Breakfast: 1 packet of oatmeal, 1 banana.
I went to the gym last night. Since I haven't worked out in, geez, 3 maybe 4 years now, I'm pretty out of shape. I did cardio for 20 minutes only, switching between an inclined eliptical machine and the treadmill, because I was afraid that my heart was going to explode out of my chest. Then I worked on the bench press machine, doing 20 reps with 30 pound weights. Then I did 50 reps on the crunch machine, at 30 pounds. My upper body is pretty sore today. But it's a good hurt. A hurting that indicates that I did something good. Right now, I can't work out for very long. It's a little dissapointing, but I don't want to push myself. I have to start out small at first. Nobody walks into the gym the first two times and works out for 3 hours with extensive cardio and weights, it takes time to reach a professional level with anything. I consider myself an intern right now, working my way up to management.

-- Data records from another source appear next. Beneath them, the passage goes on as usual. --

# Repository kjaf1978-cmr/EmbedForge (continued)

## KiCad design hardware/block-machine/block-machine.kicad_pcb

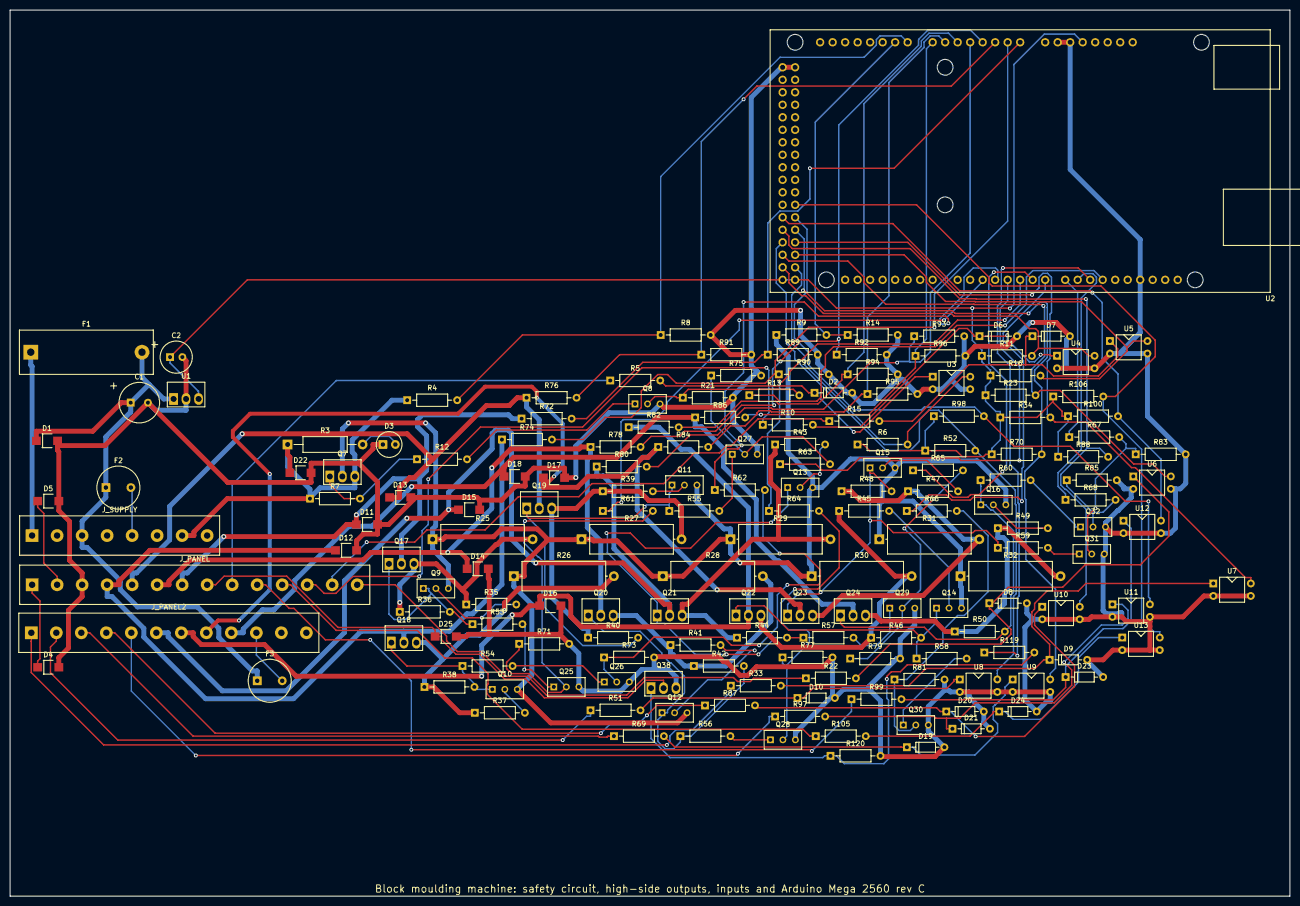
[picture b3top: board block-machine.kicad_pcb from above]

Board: 2 copper layers, 260.0 x 180.0 mm, 170 parts (0 on the bottom side), 117 nets.

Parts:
C1: 22u; CP_Radial_D8
C2: 22u; CP_Radial_D6.3
D1, D25: SMAJ33A; D_SMA
D2, D6, D7, D8, D9, D10, D19, D20, D21, D23, D24: 1N4148; D_DO-35
D3: green; LED_D5.0
D4, D5, D11, D12, D13, D14, D15, D16, D17, D18, D22: SMAJ33CA; D_SMA
F1: 8; Fuseholder_5x20
F2: 2; F_TR5
F3: 1; F_TR5
J_PANEL: to the panel; TerminalBlock_1x14
J_PANEL2: to the panel; TerminalBlock_1x12
J_SUPPLY: supplies to the panel; TerminalBlock_1x8
Q7: IRF4905; TO-220_Vertical
Q8, Q25, Q26, Q27, Q28, Q29, Q30, Q31, Q32: BC547B; TO-92_Wide
Q9, Q10, Q11, Q12, Q13, Q14, Q15, Q16: BC557B; TO-92_Wide
Q17, Q18, Q19, Q20, Q21, Q22, Q23, Q24: IRF9540N; TO-220_Vertical
Q38: IRLZ44N; TO-220_Vertical
R3: 2.2k; R_Axial_0309
R4, R9, R21, R71, R72, R73, R74, R75, R76, R77, R78, R79, R80, R81, R82, R83, R84, R85, R86: 47k; R_Axial_0207
R5, R10, R15, R22, R33, R51, R69, R87, R97, R99, R105: 4.7k; R_Axial_0207
R6, R7, R8, R11, R12, R13, R14, R16, R23, R34, R36, R38, R40, R42, R44, R46, R48, R50, R52, R53, R54, R55, R56, R57, R58, R59, R60, R61, R62, R63, R64, R65, R66, R67, R68, R70, R88, R89, R90, R91, R92, R93, R94, R95, R96, R98, R100, R106, R120: 10k; R_Axial_0207
R25, R26, R27, R28, R29, R30, R31, R32: 0.33; R_Axial_P20
R35, R37, R39, R41, R43, R45, R47, R49, R119: 100; R_Axial_0207
U1: R-78E5.0-1.0; TO-220_Vertical
U2: Arduino Mega 2560; Arduino_Mega2560_Shield
U3, U4, U5, U6, U7, U8, U9, U10, U11, U12, U13: PC817; DIP-4

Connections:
BEN: Q8.2, R13.2, R21.1
BIM: Q10.2, R37.2
BIP: Q9.2, R35.2
BIS1: Q13.2, R43.2
BIS2: Q14.2, R45.2
BIS3: Q15.2, R47.2
BIS4: Q16.2, R49.2
BIV1: Q11.2, R39.2
BIV2: Q12.2, R41.2
BM: Q26.2, R62.2, R73.1
BP: Q25.2, R61.2, R71.1
BS1: Q29.2, R65.2, R79.1
BS2: Q30.2, R66.2, R81.1
BS3: Q31.2, R67.2, R83.1
BS4: Q32.2, R68.2, R85.1
BV1: Q27.2, R63.2, R75.1
BV2: Q28.2, R64.2, R77.1
C1: D4.1, J_PANEL.1
C2: D5.1, J_PANEL.2
DEN: Q8.1, R12.2
DM: Q26.1, R54.2
DP: Q25.1, R53.2
DS1: Q29.1, R57.2
DS2: Q30.1, R58.2
DS3: Q31.1, R59.2
DS4: Q32.1, R60.2
DV1: Q27.1, R55.2
DV2: Q28.1, R56.2
ENABLE: R13.1, U2.D11
GEN: Q7.1, R7.2, R12.1
GL: Q38.1, R119.2, R120.1
GM: Q10.1, Q18.1, R38.2, R54.1
GND: C1.2, C2.2, D1.2, D2.2, D3.1, D4.2, D5.2, D6.2, D7.2, D8.2, D9.2, D10.2, D11.2, D12.2, D13.2, D14.2, D15.2, D16.2, D17.2, D18.2, D19.2, D20.2, D21.2, D22.2, D23.2, D24.2, D25.2, J_PANEL.3, Q8.3, Q25.3, Q26.3, Q27.3, Q28.3, Q29.3, Q30.3, Q31.3, Q32.3, Q38.3, R8.2, R14.2, R21.2, R71.2, R73.2, R75.2, R77.2, R79.2, R81.2, R83.2, R85.2, R89.2, R90.2, R91.2, R92.2, R93.2, R94.2, R95.2, R96.2, R120.2, U1.2, U2.GND1, U2.GND2, U2.GND3, U2.GND4, U2.GND5, U3.2, U3.3, U4.2, U4.3, U5.2, U5.3, U6.2, U6.3, U7.2, U7.3, U8.2, U8.3, U9.2, U9.3, U10.2, U10.3, U11.2, U11.3, U12.2, U12.3, U13.2, U13.3
GP: Q9.1, Q17.1, R36.2, R53.1
GS1: Q13.1, Q21.1, R44.2, R57.1
GS2: Q14.1, Q22.1, R46.2, R58.1
GS3: Q15.1, Q23.1, R48.2, R59.1
GS4: Q16.1, Q24.1, R50.2, R60.1
GV1: Q11.1, Q19.1, R40.2, R55.1
GV2: Q12.1, Q20.1, R42.2, R56.1
HSM: Q18.3, R26.2, R37.1, R38.1
HSP: Q17.3, R25.2, R35.1, R36.1
HSS1: Q21.3, R29.2, R43.1, R44.1
HSS2: Q22.3, R30.2, R45.1, R46.1
HSS3: Q23.3, R31.2, R47.1, R48.1
HSS4: Q24.3, R32.2, R49.1, R50.1
HSV1: Q19.3, R27.2, R39.1, R40.1
HSV2: Q20.3, R28.2, R41.1, R42.1
IN1: R6.2, U2.D22, U3.4
IN2: R11.2, U2.D23, U4.4
IN3: R16.2, U2.D24, U5.4
IN4: R23.2, U2.D25, U6.4
IN5: R34.2, U2.D26, U7.4
IN6: R52.2, U2.D27, U8.4
IN7: R70.2, U2.D28, U9.4
IN8: R88.2, U2.D29, U10.4
IN9: R98.2, U2.D30, U11.4
IN10: R100.2, U2.D31, U12.4
IN11: R106.2, U2.D32, U13.4
KMMA: D12.1, J_PANEL.4, Q18.2, R74.1
KMV1A: D13.1, J_PANEL.5, Q19.2, R76.1
KMV2A: D14.1, J_PANEL.6, Q20.2, R78.1
KPA: D11.1, J_PANEL.7, Q17.2, R72.1
LAMP: R119.1, U2.D10
LMP: D25.1, J_PANEL.8, Q38.2
LSA: D3.2, R3.2
MIXER: R62.1, U2.D3
PUMP: R61.1, U2.D2
PX1: J_PANEL.9, R5.1
PX2: J_PANEL.12, R10.1
PX3: J_PANEL.13, R15.1
PX4: J_PANEL.14, R22.1
PX5: J_PANEL2.1, R33.1
PX6: J_PANEL2.2, R51.1
PX7: J_PANEL2.3, R69.1
PX8: J_PANEL2.4, R87.1
PX9: J_PANEL2.5, R97.1
PX10: J_PANEL.10, R99.1
PX11: J_PANEL.11, R105.1
PXA1: D2.1, R5.2, U3.1
PXA2: D6.1, R10.2, U4.1
PXA3: D7.1, R15.2, U5.1
PXA4: D8.1, R22.2, U6.1
PXA5: D9.1, R33.2, U7.1
PXA6: D10.1, R51.2, U8.1
PXA7: D19.1, R69.2, U9.1
PXA8: D20.1, R87.2, U10.1
PXA9: D21.1, R97.2, U11.1
PXA10: D23.1, R99.2, U12.1
PXA11: D24.1, R105.2, U13.1
RBEN: R9.2, R14.1, U2.A9
RBM: R74.2, R90.1, U2.A1
RBP: R72.2, R89.1, U2.A0
RBS1: R80.2, R93.1, U2.A4
RBS2: R82.2, R94.1, U2.A5
RBS3: R84.2, R95.1, U2.A6
RBS4: R86.2, R96.1, U2.A7
RBV1: R76.2, R91.1, U2.A2
RBV2: R78.2, R92.1, U2.A3
SRS: R4.2, R8.1, U2.A8
SV1: D15.1, J_PANEL2.6, Q21.2, R80.1
SV2: D16.1, J_PANEL2.7, Q22.2, R82.1
SV3: D17.1, J_PANEL2.8, Q23.2, R84.1
SV4: D18.1, J_PANEL2.9, Q24.2, R86.1
V5: C2.1, R6.1, R11.1, R16.1, R23.1, R34.1, R52.1, R70.1, R88.1, R98.1, R100.1, R106.1, U1.3, U2.5V1, U2.5V2, U2.5V3
V24: F1.1, J_SUPPLY.1
V24F: C1.1, D1.1, F1.2, F2.1, F3.1, J_SUPPLY.3, U1.1
V24I: F2.2, J_SUPPLY.5
V24K: F3.2, J_PANEL2.10
V24O: Q7.2, Q9.3, Q10.3, Q11.3, Q12.3, Q13.3, Q14.3, Q15.3, Q16.3, R9.1, R25.1, R26.1, R27.1, R28.1, R29.1, R30.1, R31.1, R32.1
V24S: D22.1, J_SUPPLY.7, Q7.3, R3.1, R4.1, R7.1
VALVE1: R65.1, U2.D6
VALVE2: R66.1, U2.D7
VALVE3: R67.1, U2.D8
VALVE4: R68.1, U2.D9
VIB1: R63.1, U2.D4
VIB2: R64.1, U2.D5

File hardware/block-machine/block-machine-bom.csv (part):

"on this board","qty","references","part","value","details","footprint","MPN","maker","distributors (order numbers)","unit EUR","total EUR","price basis"
"yes","1","C1","Electrolytic capacitor","22 µF","voltage rating 50 V","CP_Radial_D8","22uF 50 V 105 °C (e.g. Panasonic FC series)","Panasonic / Nichicon","any distributor (radial)","0.10","0.10","estimate"
"yes","1","C2","Electrolytic capacitor","22 µF","voltage rating 16 V","CP_Radial_D6.3","22uF 16 V 105 °C (e.g. Panasonic FC series)","Panasonic / Nichicon","any distributor (radial)","0.10","0.10","estimate"
"yes","2","D1 D25","TVS diode","SMAJ33A","","D_SMA","SMAJ33A","Littelfuse","LCSC; Mouser","0.20","0.40","estimate"
"yes","11","D2 D6 D7 D8 D9 D10 D19 D20 D21 D23 D24","Diode","1N4148","","D_DO-35","1N4148","various","any distributor (DO-35)","0.06","0.66","estimate"
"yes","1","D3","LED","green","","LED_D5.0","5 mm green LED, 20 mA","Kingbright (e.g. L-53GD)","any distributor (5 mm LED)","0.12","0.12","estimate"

I hate when I'm sharing my new habits and goals with people, and their response is less then interested. I reach out for support, but it seems whoever I talk too is thinking, 'Yeah ok," and I can read it all over their face. That's how some people are it seems though. They are jealous of you finally taking a step in the right direction, so they have to knock you back off course. It makes them feel better knocking you down because it gives them more pride in what they aren't doing. My boyfriend is supportive of me. He always tells me "Good for you," and even though he may not be, acts genuinely interested when I blabber on to him about what I did that day, or what I did or didn't eat that day. I appreciate that about him. He'd tell me I looked good, no matter how much I try to convince him and myself that I do not.
One thing I do know though, my drivers license information is lying.